Class HeapCache<K,​V>

  • All Implemented Interfaces:
    AutoCloseable, org.cache2k.Cache<K,​V>, InternalCache<K,​V>, InternalCacheCloseContext, HeapCacheForEviction<K,​V>, TimerEventListener<K,​V>, org.cache2k.DataAware<K,​V>, org.cache2k.KeyValueSource<K,​V>
    Direct Known Subclasses:
    IntHeapCache
    public class HeapCache<K,​V>
extends BaseCache<K,​V>
implements HeapCacheForEviction<K,​V>
    Foundation for all cache variants. All common functionality is in here. For a (in-memory) cache we need three things: a fast hash table implementation, an LRU list (a simple double linked list), and a fast timer. The variants implement different eviction strategies.

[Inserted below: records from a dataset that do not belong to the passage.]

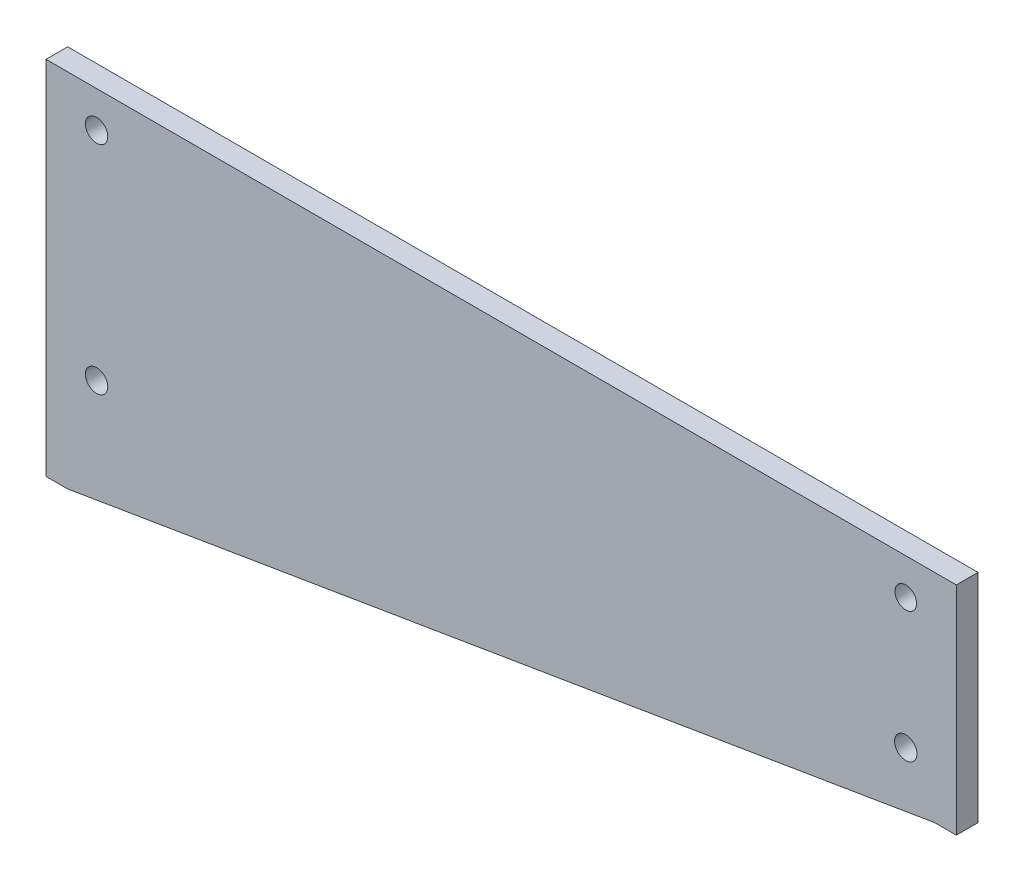
SolidWorks part; units mm, degrees
ref_plane "前视基准面" through (0, 0, 0) normal (0, 0, 1) x (1, 0, 0)
ref_plane "上视基准面" through (0, 0, 0) normal (0, 1, 0) x (1, 0, 0)
ref_plane "右视基准面" through (0, 0, 0) normal (1, 0, 0) x (0, 0, -1)
other "Configuration Table"
sketch "草图1" plane through (0, 0, 0) normal (0, 0, 1) x (1, 0, 0)
  line L1 (63, -26.5) -> (-63, -26.5)
  line L2 (63, -26.5) -> (63, 26.5)
  line L3 (63, 26.5) -> (-63, 26.5)
  line L4 (-63, -26.5) -> (-63, 26.5)
  line L5 (63, -26.5) -> (-63, 26.5) construction
  line L6 (63, 26.5) -> (-63, -26.5) construction
  point P0 (0, 0)
  dimension "D1" = 126
  dimension "D2" = 53
extrude "凸台-拉伸1" add sketch "草图1" along normal blind 3
sketch "草图2" plane through (0, 0, 0) normal (0, 0, -1) x (-1, 0, 0)
  line L0 (-63, 26.5) -> (63, 26.5) construction
  line L1 (-63, -26.5) -> (-63, 26.5) construction
  line L2 (63, 26.5) -> (63, -26.5) construction
  circle A0 centre (56, 21.5) radius 1.55
  circle A1 centre (-56, 21.5) radius 1.5
  dimension "D1" = 5
  dimension "D2" = 5
  dimension "D3" = 7
  dimension "D4" = 7
extrude "切除-拉伸1" cut sketch "草图2" against normal blind 10 contours A0 | A1
sketch "草图3" plane through (0, 0, 3) normal (0, 0, 1) x (1, 0, 0)
  line L0 (-56, 21.5) -> (-56, -8.5) construction
  line L1 (56, 21.5) -> (56, -8.5) construction
  circle A0 centre (-56, -8.5) radius 1.55
  circle A1 centre (56, -8.5) radius 1.55
  dimension "D1" = 3.1
  dimension "D2" = 3.1
  dimension "D3" = 30
extrude "切除-拉伸2" cut sketch "草图3" against normal blind 10
sketch "草图4" plane through (0, 0, 3) normal (0, 0, 1) x (1, 0, 0)
  line L0 (-56, 21.5) -> (-56, 3.5) construction
  line L1 (0, 0) -> (0, -11.8695) construction
  circle A0 centre (-56, 3.5) radius 1.55
  circle A1 centre (56, 3.5) radius 1.55
  dimension "D1" = 3.1
  dimension "D2" = 18
sketch "草图5" plane through (0, 0, 3) normal (0, 0, 1) x (1, 0, 0)
  circle A0 centre (56, 3.5) radius 1.55 construction
  circle A1 centre (56, 3.5) radius 1.55
extrude "切除-拉伸5" cut sketch "草图5" against normal blind 10
sketch "草图6" plane through (0, 0, 3) normal (0, 0, 1) x (1, 0, 0)
  line L0 (62.9804, -3.5) -> (60, -3.5)
  line L1 (60, -3.5) -> (63, -3.5) construction
  line L2 (62.9804, -21.9696) -> (62.9804, 14.9696) construction
  line L3 (60, -3.5) -> (60, 26.5) construction
  line L4 (-60, -23.5) -> (-63, -23.5)
  line L5 (-63, 26.5) -> (-63, -26.5) construction
  line L6 (-63, -23.5) -> (-60, -23.5) construction
  line L7 (-60, -23.5) -> (60, -3.5)
  line L8 (-63, -23.5) -> (-63, -26.5)
  line L9 (-63, -26.5) -> (63, -26.5)
  line L10 (-63, -26.5) -> (63, -26.5) construction
  line L13 (62.9804, -3.5) -> (63, -3.5)
  line L14 (63, -26.5) -> (63, 26.5) construction
  line L15 (63, -3.5) -> (63, -26.5)
extrude "切除-拉伸7" cut sketch "草图6" against normal through all

    Locking: The cache has a single structure lock obtained via lock and also locks on each entry for operations on it. Though, mutation operations that happen on a single entry get serialized.

    Author:
    Jens Wilke

    • Field Detail

      • DEFAULT_EXCEPTION_PROPAGATOR

        public static final org.cache2k.io.ExceptionPropagator DEFAULT_EXCEPTION_PROPAGATOR

      • name

        protected final String name

      • loader

        protected final org.cache2k.io.AdvancedCacheLoader<K,​V> loader

      • clock

        protected org.cache2k.operation.TimeReference clock

      • timing

        protected Timing<K,​V> timing

      • lock

        public final Object lock
        Structure lock of the cache. Every operation that needs a consistent structure of the cache or modifies it needs to synchronize on this. Since this is a global lock, locking on it should be avoided and any operation under the lock should be quick.

      • keyMutationCnt

        protected volatile long keyMutationCnt
        Counts the number of key mutations. The count is not guarded and racy, but does not need to be exact. We don't put it to the metrics, because we do not want to have this disabled.

      • clearedTime

        protected long clearedTime

      • startedTime

        protected long startedTime

      • clearRemovedCnt

        protected long clearRemovedCnt
        Number of entries removed by clear. Guarded by: lock

      • clearCnt

        protected long clearCnt
        Number of clear operations. Guarded by: lock

      • hash

        protected final Hash2<K,​V> hash

      • keyType

        protected org.cache2k.config.CacheType keyType

      • valueType

        protected org.cache2k.config.CacheType valueType

      • exceptionPropagator

        protected final org.cache2k.io.ExceptionPropagator<K,​V> exceptionPropagator

    • Method Detail

      • getTiming

        public Timing<K,​V> getTiming()
        Used for tests

      • getLoaderExecutor

        public Executor getLoaderExecutor()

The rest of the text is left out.